First off, what kind of chords can be found in a diminished key other than the obvious diminished triads and seventh chords? 

And also, what are some possibilities for modulations into other keys that sound really natural ? For the sake of a reference/example I've been working a lot with A half/whole diminished.

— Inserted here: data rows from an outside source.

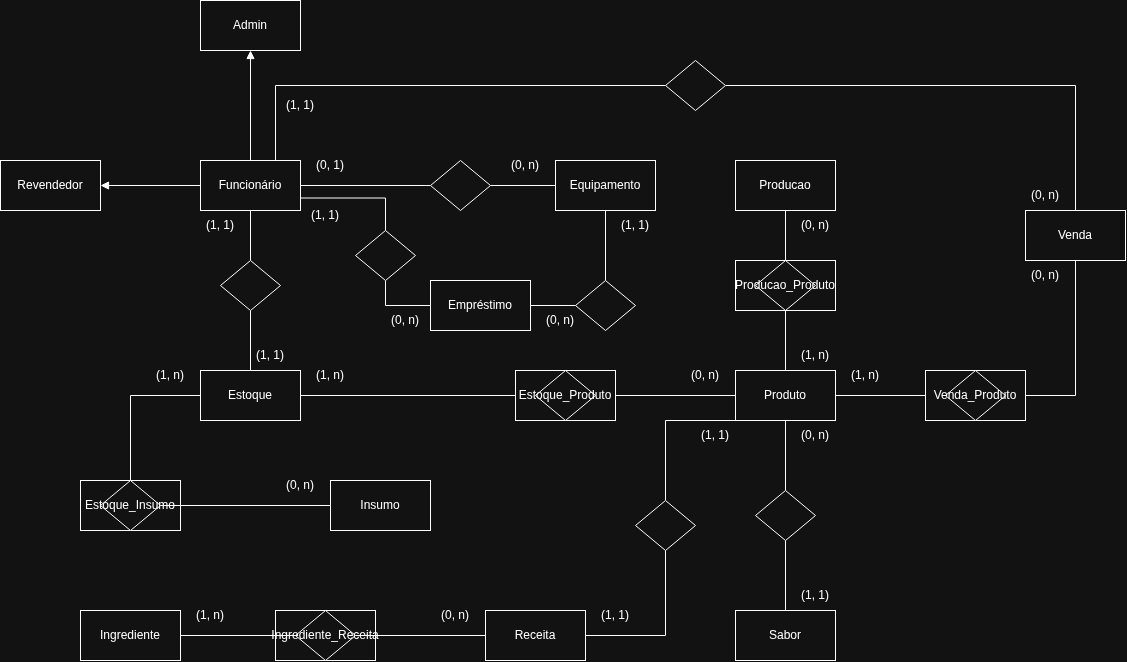

The diagram above was exported from draw.io. Its source (the exported page's mxGraphModel, read from the mxfile embedded in the PNG):
<mxGraphModel dx="2153" dy="1798" grid="1" gridSize="10" guides="1" tooltips="1" connect="1" arrows="1" fold="1" page="1" pageScale="1" pageWidth="850" pageHeight="1100" math="0" shadow="0">
  <root>
    <mxCell id="0" />
    <mxCell id="1" parent="0" />
    <mxCell id="gXTTpt4HTo0wHVctCqk8-45" parent="1" style="html=1;dashed=0;whiteSpace=wrap;" value="" vertex="1">
      <mxGeometry height="50" width="100" x="240" y="470" as="geometry" />
    </mxCell>
    <mxCell id="gXTTpt4HTo0wHVctCqk8-36" parent="1" style="html=1;dashed=0;whiteSpace=wrap;" value="" vertex="1">
      <mxGeometry height="50" width="100" x="45" y="340" as="geometry" />
    </mxCell>
    <mxCell id="UVeSdx-7fef6JKuBkvu8-6" edge="1" parent="1" source="UVeSdx-7fef6JKuBkvu8-2" style="rounded=0;orthogonalLoop=1;jettySize=auto;html=1;entryX=1;entryY=0.5;entryDx=0;entryDy=0;defaultLabelBackgroundColor=gap;endArrow=block;endFill=1;" target="UVeSdx-7fef6JKuBkvu8-5">
      <mxGeometry relative="1" as="geometry" />
    </mxCell>
    <mxCell id="UVeSdx-7fef6JKuBkvu8-8" edge="1" parent="1" source="UVeSdx-7fef6JKuBkvu8-2" style="rounded=0;orthogonalLoop=1;jettySize=auto;html=1;exitX=0.5;exitY=0;exitDx=0;exitDy=0;defaultLabelBackgroundColor=gap;endArrow=block;endFill=1;" target="UVeSdx-7fef6JKuBkvu8-7">
      <mxGeometry relative="1" as="geometry" />
    </mxCell>
    <mxCell id="UVeSdx-7fef6JKuBkvu8-18" edge="1" parent="1" source="gXTTpt4HTo0wHVctCqk8-1" style="rounded=0;orthogonalLoop=1;jettySize=auto;html=1;entryX=0;entryY=0.5;entryDx=0;entryDy=0;defaultLabelBackgroundColor=gap;endArrow=none;endFill=0;" target="UVeSdx-7fef6JKuBkvu8-9">
      <mxGeometry relative="1" as="geometry" />
    </mxCell>
    <mxCell id="gXTTpt4HTo0wHVctCqk8-4" edge="1" parent="1" source="gXTTpt4HTo0wHVctCqk8-7" style="rounded=0;orthogonalLoop=1;jettySize=auto;html=1;defaultLabelBackgroundColor=gap;endArrow=none;endFill=0;" target="gXTTpt4HTo0wHVctCqk8-3">
      <mxGeometry relative="1" as="geometry" />
    </mxCell>
    <mxCell id="astuWwQl4sRD51Eau7qA-2" edge="1" parent="1" source="astuWwQl4sRD51Eau7qA-3" style="rounded=0;orthogonalLoop=1;jettySize=auto;html=1;entryX=0.5;entryY=0;entryDx=0;entryDy=0;defaultLabelBackgroundColor=page;edgeStyle=orthogonalEdgeStyle;endArrow=none;endFill=0;exitX=1;exitY=0.5;exitDx=0;exitDy=0;" target="UVeSdx-7fef6JKuBkvu8-14">
      <mxGeometry relative="1" x="-0.3768" as="geometry" />
    </mxCell>
    <mxCell id="b1lznSItnkYGC73sC1CU-2" edge="1" parent="1" source="b1lznSItnkYGC73sC1CU-6" style="edgeStyle=orthogonalEdgeStyle;rounded=0;orthogonalLoop=1;jettySize=auto;html=1;entryX=0;entryY=0.5;entryDx=0;entryDy=0;defaultLabelBackgroundColor=page;endArrow=none;endFill=0;" target="b1lznSItnkYGC73sC1CU-1">
      <mxGeometry relative="1" x="0.0921" as="geometry">
        <Array as="points">
          <mxPoint x="350" y="165" />
        </Array>
      </mxGeometry>
    </mxCell>
    <mxCell id="UVeSdx-7fef6JKuBkvu8-2" parent="1" style="html=1;dashed=0;whiteSpace=wrap;" value="Funcionário" vertex="1">
      <mxGeometry height="50" width="100" x="165" y="20" as="geometry" />
    </mxCell>
    <mxCell id="UVeSdx-7fef6JKuBkvu8-5" parent="1" style="html=1;dashed=0;whiteSpace=wrap;" value="Revendedor" vertex="1">
      <mxGeometry height="50" width="100" x="-35" y="20" as="geometry" />
    </mxCell>
    <mxCell id="UVeSdx-7fef6JKuBkvu8-7" parent="1" style="html=1;dashed=0;whiteSpace=wrap;" value="Admin" vertex="1">
      <mxGeometry height="50" width="100" x="165" y="-140" as="geometry" />
    </mxCell>
    <mxCell id="b1lznSItnkYGC73sC1CU-3" edge="1" parent="1" source="UVeSdx-7fef6JKuBkvu8-9" style="edgeStyle=orthogonalEdgeStyle;rounded=0;orthogonalLoop=1;jettySize=auto;html=1;exitX=0.5;exitY=1;exitDx=0;exitDy=0;entryX=0.5;entryY=0;entryDx=0;entryDy=0;defaultLabelBackgroundColor=page;endArrow=none;endFill=0;" target="b1lznSItnkYGC73sC1CU-4">
      <mxGeometry relative="1" as="geometry" />
    </mxCell>
    <mxCell id="UVeSdx-7fef6JKuBkvu8-9" parent="1" style="html=1;dashed=0;whiteSpace=wrap;" value="Equipamento" vertex="1">
      <mxGeometry height="50" width="100" x="520" y="20" as="geometry" />
    </mxCell>
    <mxCell id="UVeSdx-7fef6JKuBkvu8-10" parent="1" style="html=1;dashed=0;whiteSpace=wrap;" value="Insumo" vertex="1">
      <mxGeometry height="50" width="100" x="295" y="340" as="geometry" />
    </mxCell>
    <mxCell id="UVeSdx-7fef6JKuBkvu8-32" edge="1" parent="1" source="UVeSdx-7fef6JKuBkvu8-33" style="edgeStyle=orthogonalEdgeStyle;rounded=0;orthogonalLoop=1;jettySize=auto;html=1;defaultLabelBackgroundColor=gap;endArrow=none;endFill=0;" target="UVeSdx-7fef6JKuBkvu8-13">
      <mxGeometry relative="1" as="geometry" />
    </mxCell>
    <mxCell id="gXTTpt4HTo0wHVctCqk8-39" edge="1" parent="1" source="gXTTpt4HTo0wHVctCqk8-40" style="edgeStyle=orthogonalEdgeStyle;rounded=0;orthogonalLoop=1;jettySize=auto;html=1;entryX=0;entryY=1;entryDx=0;entryDy=0;defaultLabelBackgroundColor=gap;endArrow=none;endFill=0;" target="UVeSdx-7fef6JKuBkvu8-15">
      <mxGeometry relative="1" as="geometry">
        <Array as="points">
          <mxPoint x="630" y="280" />
        </Array>
      </mxGeometry>
    </mxCell>
    <mxCell id="UVeSdx-7fef6JKuBkvu8-12" parent="1" style="html=1;dashed=0;whiteSpace=wrap;" value="Receita" vertex="1">
      <mxGeometry height="50" width="100" x="450" y="470" as="geometry" />
    </mxCell>
    <mxCell id="UVeSdx-7fef6JKuBkvu8-13" parent="1" style="html=1;dashed=0;whiteSpace=wrap;" value="Ingrediente" vertex="1">
      <mxGeometry height="50" width="100" x="45" y="470" as="geometry" />
    </mxCell>
    <mxCell id="UVeSdx-7fef6JKuBkvu8-14" parent="1" style="html=1;dashed=0;whiteSpace=wrap;" value="Venda" vertex="1">
      <mxGeometry height="50" width="100" x="990" y="70" as="geometry" />
    </mxCell>
    <mxCell id="UVeSdx-7fef6JKuBkvu8-22" edge="1" parent="1" source="UVeSdx-7fef6JKuBkvu8-3" style="rounded=0;orthogonalLoop=1;jettySize=auto;html=1;entryX=0.5;entryY=0;entryDx=0;entryDy=0;defaultLabelBackgroundColor=gap;endArrow=none;endFill=0;" target="UVeSdx-7fef6JKuBkvu8-21">
      <mxGeometry relative="1" as="geometry" />
    </mxCell>
    <mxCell id="gXTTpt4HTo0wHVctCqk8-10" edge="1" parent="1" source="gXTTpt4HTo0wHVctCqk8-13" style="edgeStyle=orthogonalEdgeStyle;rounded=0;orthogonalLoop=1;jettySize=auto;html=1;defaultLabelBackgroundColor=gap;endArrow=none;endFill=0;exitX=1;exitY=0.5;exitDx=0;exitDy=0;" target="UVeSdx-7fef6JKuBkvu8-14">
      <mxGeometry relative="1" as="geometry" />
    </mxCell>
    <mxCell id="gXTTpt4HTo0wHVctCqk8-22" edge="1" parent="1" source="gXTTpt4HTo0wHVctCqk8-23" style="rounded=0;orthogonalLoop=1;jettySize=auto;html=1;entryX=0.5;entryY=1;entryDx=0;entryDy=0;defaultLabelBackgroundColor=gap;endArrow=none;endFill=0;" target="UVeSdx-7fef6JKuBkvu8-17">
      <mxGeometry relative="1" as="geometry" />
    </mxCell>
    <mxCell id="UVeSdx-7fef6JKuBkvu8-15" parent="1" style="html=1;dashed=0;whiteSpace=wrap;" value="Produto" vertex="1">
      <mxGeometry height="50" width="100" x="700" y="230" as="geometry" />
    </mxCell>
    <mxCell id="UVeSdx-7fef6JKuBkvu8-17" parent="1" style="html=1;dashed=0;whiteSpace=wrap;" value="Producao" vertex="1">
      <mxGeometry height="50" width="100" x="700" y="20" as="geometry" />
    </mxCell>
    <mxCell id="UVeSdx-7fef6JKuBkvu8-19" parent="1" style="text;html=1;whiteSpace=wrap;strokeColor=none;fillColor=none;align=center;verticalAlign=middle;rounded=0;" value="(0, n)" vertex="1">
      <mxGeometry height="30" width="60" x="460" y="10" as="geometry" />
    </mxCell>
    <mxCell id="UVeSdx-7fef6JKuBkvu8-20" parent="1" style="text;html=1;whiteSpace=wrap;strokeColor=none;fillColor=none;align=center;verticalAlign=middle;rounded=0;" value="(0, 1)" vertex="1">
      <mxGeometry height="30" width="60" x="265" y="10" as="geometry" />
    </mxCell>
    <mxCell id="UVeSdx-7fef6JKuBkvu8-21" parent="1" style="html=1;dashed=0;whiteSpace=wrap;" value="Sabor" vertex="1">
      <mxGeometry height="50" width="100" x="700" y="470" as="geometry" />
    </mxCell>
    <mxCell id="UVeSdx-7fef6JKuBkvu8-23" parent="1" style="text;html=1;whiteSpace=wrap;strokeColor=none;fillColor=none;align=center;verticalAlign=middle;rounded=0;" value="(1, 1)" vertex="1">
      <mxGeometry height="30" width="60" x="750" y="440" as="geometry" />
    </mxCell>
    <mxCell id="UVeSdx-7fef6JKuBkvu8-24" parent="1" style="text;html=1;whiteSpace=wrap;strokeColor=none;fillColor=none;align=center;verticalAlign=middle;rounded=0;" value="(0, n)" vertex="1">
      <mxGeometry height="30" width="60" x="750" y="280" as="geometry" />
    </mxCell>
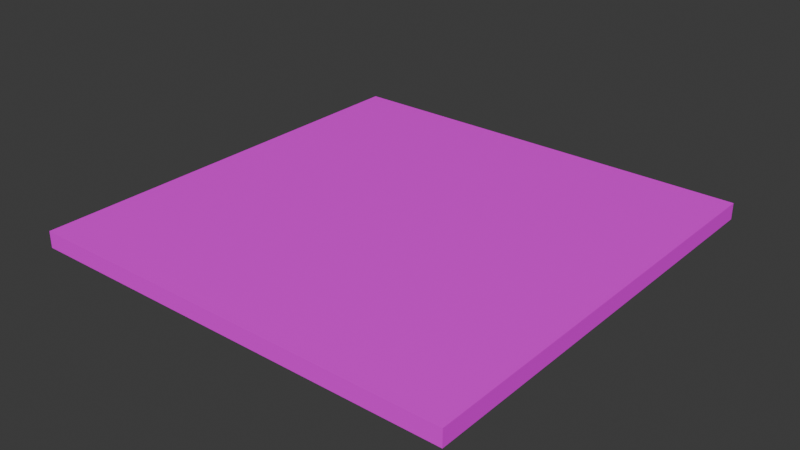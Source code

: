 # Source: platform.blend  (saved by Blender 4.2.66; exported with 4.5.12 LTS)
import bpy
from mathutils import Matrix  # noqa: F401  (used for matrix-valued properties, if any)

bpy.ops.wm.read_factory_settings(use_empty=True)
scene = bpy.context.scene
scene.name = 'Scene'

# ---- collections
col_collection = bpy.data.collections.new('Collection'); scene.collection.children.link(col_collection)

# ---- images (referenced by path relative to the original .blend; pixels are not part of the script)
import os
ASSET_DIR = os.environ.get("B2B_ASSET_DIR", "")  # directory of the original .blend (textures are referenced by path, not embedded)
HERE = os.path.dirname(os.path.abspath(__file__))  # packed textures are extracted next to this script under _unpacked/

def load_image(name, relpath, width, height, colorspace="sRGB"):
    """Load a texture the original file referenced (path relative to the .blend, or extracted next to this script)."""
    p = next((c for c in (os.path.join(HERE, relpath), os.path.join(ASSET_DIR, relpath)) if relpath and os.path.exists(c)), "")
    if p:
        img = bpy.data.images.load(p, check_existing=True)
        img.name = name
    else:  # same state as the original file: an image datablock whose file is absent (Cycles renders it pink)
        img = bpy.data.images.new(name, width, height)
        img.source = "FILE"
        img.filepath = "//" + (relpath or name)
    img.colorspace_settings.name = colorspace
    return img
img_stonefloortexture_png = load_image('StoneFloorTexture.png', 'StoneFloorTexture.png', 1024, 1024, 'sRGB')

# ---- materials (node trees are filled in below, after node groups)
mat_material = bpy.data.materials.new('Material')
mat_material.alpha_threshold = 0.0
mat_material.roughness = 0.5
mat_material.line_color = (0.0, 0.0, 0.0, 1.0)

# ---- material node trees
mat_material.use_nodes = True; mat_material.node_tree.nodes.clear()
_N = mat_material.node_tree.nodes; _L = mat_material.node_tree.links
n0 = _N.new('ShaderNodeOutputMaterial'); n0.name = 'Material Output'; n0.location = (300, 300)
n1 = _N.new('ShaderNodeBsdfPrincipled'); n1.name = 'Principled BSDF'; n1.location = (10, 300)
n1.inputs[3].default_value = 1.45
n2 = _N.new('ShaderNodeTexImage'); n2.name = 'Image Texture'; n2.location = (-280, 271)
n2.image = img_stonefloortexture_png
_L.new(n1.outputs[0], n0.inputs[0])
_L.new(n2.outputs[0], n1.inputs[0])
n0.is_active_output = True

# ---- world
world_world = bpy.data.worlds.new('World'); scene.world = world_world
world_world.use_nodes = True; world_world.node_tree.nodes.clear()
_N = world_world.node_tree.nodes; _L = world_world.node_tree.links
n0 = _N.new('ShaderNodeOutputWorld'); n0.name = 'World Output'; n0.location = (300, 300)
n1 = _N.new('ShaderNodeBackground'); n1.name = 'Background'; n1.location = (10, 300)
n1.inputs[0].default_value = (0.05088, 0.05088, 0.05088, 1.0)
_L.new(n1.outputs[0], n0.inputs[0])
n0.is_active_output = True
world_world.color = (0.05088, 0.05088, 0.05088)
world_world.sun_shadow_jitter_overblur = 0.0

# ---- meshes
me_cube = bpy.data.meshes.new('Cube')
me_cube.from_pydata([(1.0, 1.0, 1.0), (1.0, 1.0, -1.0), (1.0, -1.0, 1.0), (1.0, -1.0, -1.0), (-1.0, 1.0, 1.0), (-1.0, 1.0, -1.0), (-1.0, -1.0, 1.0), (-1.0, -1.0, -1.0)], [], [(0, 4, 6, 2), (3, 2, 6, 7), (7, 6, 4, 5), (5, 1, 3, 7), (1, 0, 2, 3), (5, 4, 0, 1)])
_uv = me_cube.uv_layers.new(name='UVMap')
_uv.uv.foreach_set('vector', [1.0, 7.55e-08, 1.0, 1.0, 4.371e-08, 1.0, 1.192e-07, 9e-15, 1.0, 0.1016, 4.371e-08, 0.1016, 1.192e-07, 9e-15, 1.0, 7.55e-08, 1.0, 0.07422, 4.371e-08, 0.07422, 5.211e-15, 1.192e-07, 1.0, 1.589e-08, 1.0, 7.55e-08, 1.0, 1.0, 4.371e-08, 1.0, 1.192e-07, 9e-15, 1.0, 0.08398, 4.371e-08, 0.08398, 1.192e-07, 9e-15, 1.0, 7.55e-08, 1.0, 0.07227, 4.371e-08, 0.07227, 1.192e-07, 9e-15, 1.0, 7.55e-08])
me_cube.materials.append(mat_material)
me_cube.use_mirror_vertex_groups = False
me_cube.update()

# ---- objects
ob_cube = bpy.data.objects.new('Cube', me_cube)

# ---- transforms, parenting, visibility, modifiers, constraints
ob_cube.location = (0.0, 0.0, 0.0)
ob_cube.scale = (4.514, 4.514, 0.172)
ob_cube.lock_rotations_4d = False
ob_cube.empty_display_type = 'ARROWS'
ob_cube.lineart.crease_threshold = 0.0

# ---- collection membership
col_collection.objects.link(ob_cube)

# ---- scene / render settings (as saved in the file)
scene.frame_start = 1; scene.frame_end = 250; scene.frame_set(1)
scene.render.engine = 'BLENDER_EEVEE_NEXT'
bpy.context.view_layer.update()

# ---- added for rendering (the .blend has no active camera and no usable light): camera, sun
cam_auto = bpy.data.cameras.new('AutoCamera')
cam_auto.lens = 50.0
cam_auto.sensor_width = 36.0
cam_auto.clip_end = 1000.0
ob_auto_camera = bpy.data.objects.new('AutoCamera', cam_auto)
scene.collection.objects.link(ob_auto_camera)
ob_auto_camera.location = (11.8181, -14.1817, 9.45447)
ob_auto_camera.rotation_euler = (1.09748, -7.21219e-08, 0.694738)
scene.camera = ob_auto_camera
light_auto_sun = bpy.data.lights.new('AutoSun', 'SUN')
light_auto_sun.energy = 3.0
light_auto_sun.angle = 0.0523599
ob_auto_sun = bpy.data.objects.new('AutoSun', light_auto_sun)
scene.collection.objects.link(ob_auto_sun)
ob_auto_sun.rotation_euler = (0.872665, 0.174533, 0.523599)
bpy.context.view_layer.update()

Thanks in advance for your input!


----------



## Solodini (Oct 14, 2011)

The thing with diminished being so repetitive is that it is also quite limited. You're pretty much stuck with the diminished chords or dominant 7s. You can imply other things with more creative voicings and missing out certain chord tones which the diminished scale doesn't provide. If you lean on the root enough, you can imply a major 13 chord but it'll lack the 3rd and the 5th. It's basically an inversion of the major triad (3rd becomes 6th, 5th becomes 4th) but it can work in the same way as how there are 12 diminished 7th chords but they can be seen as 4 inversions of 3 chords. Whih it sounds like depends on voicings and how you emphasise the root.

Diminished keys modulate well in to the major key a semitone above the root of the diminished scale (think diminished chord built on the leading note of a major scale) or a semitone above the min 3, dim 5 or dim 7. As the diminished 7th is enharmonic to a major 6th, dim 8ve is enharmonic to a major 7th so you can also quite easily modulate to a major key on the same root, min 3, dim 5 or dim 7, or use the min 3rd, naturalise the 5th and simply modulate into melodic minor. As diminished has the minor 6th, harmonic minor of the root, min 3, dim 5 or dim 7 is equally possible. 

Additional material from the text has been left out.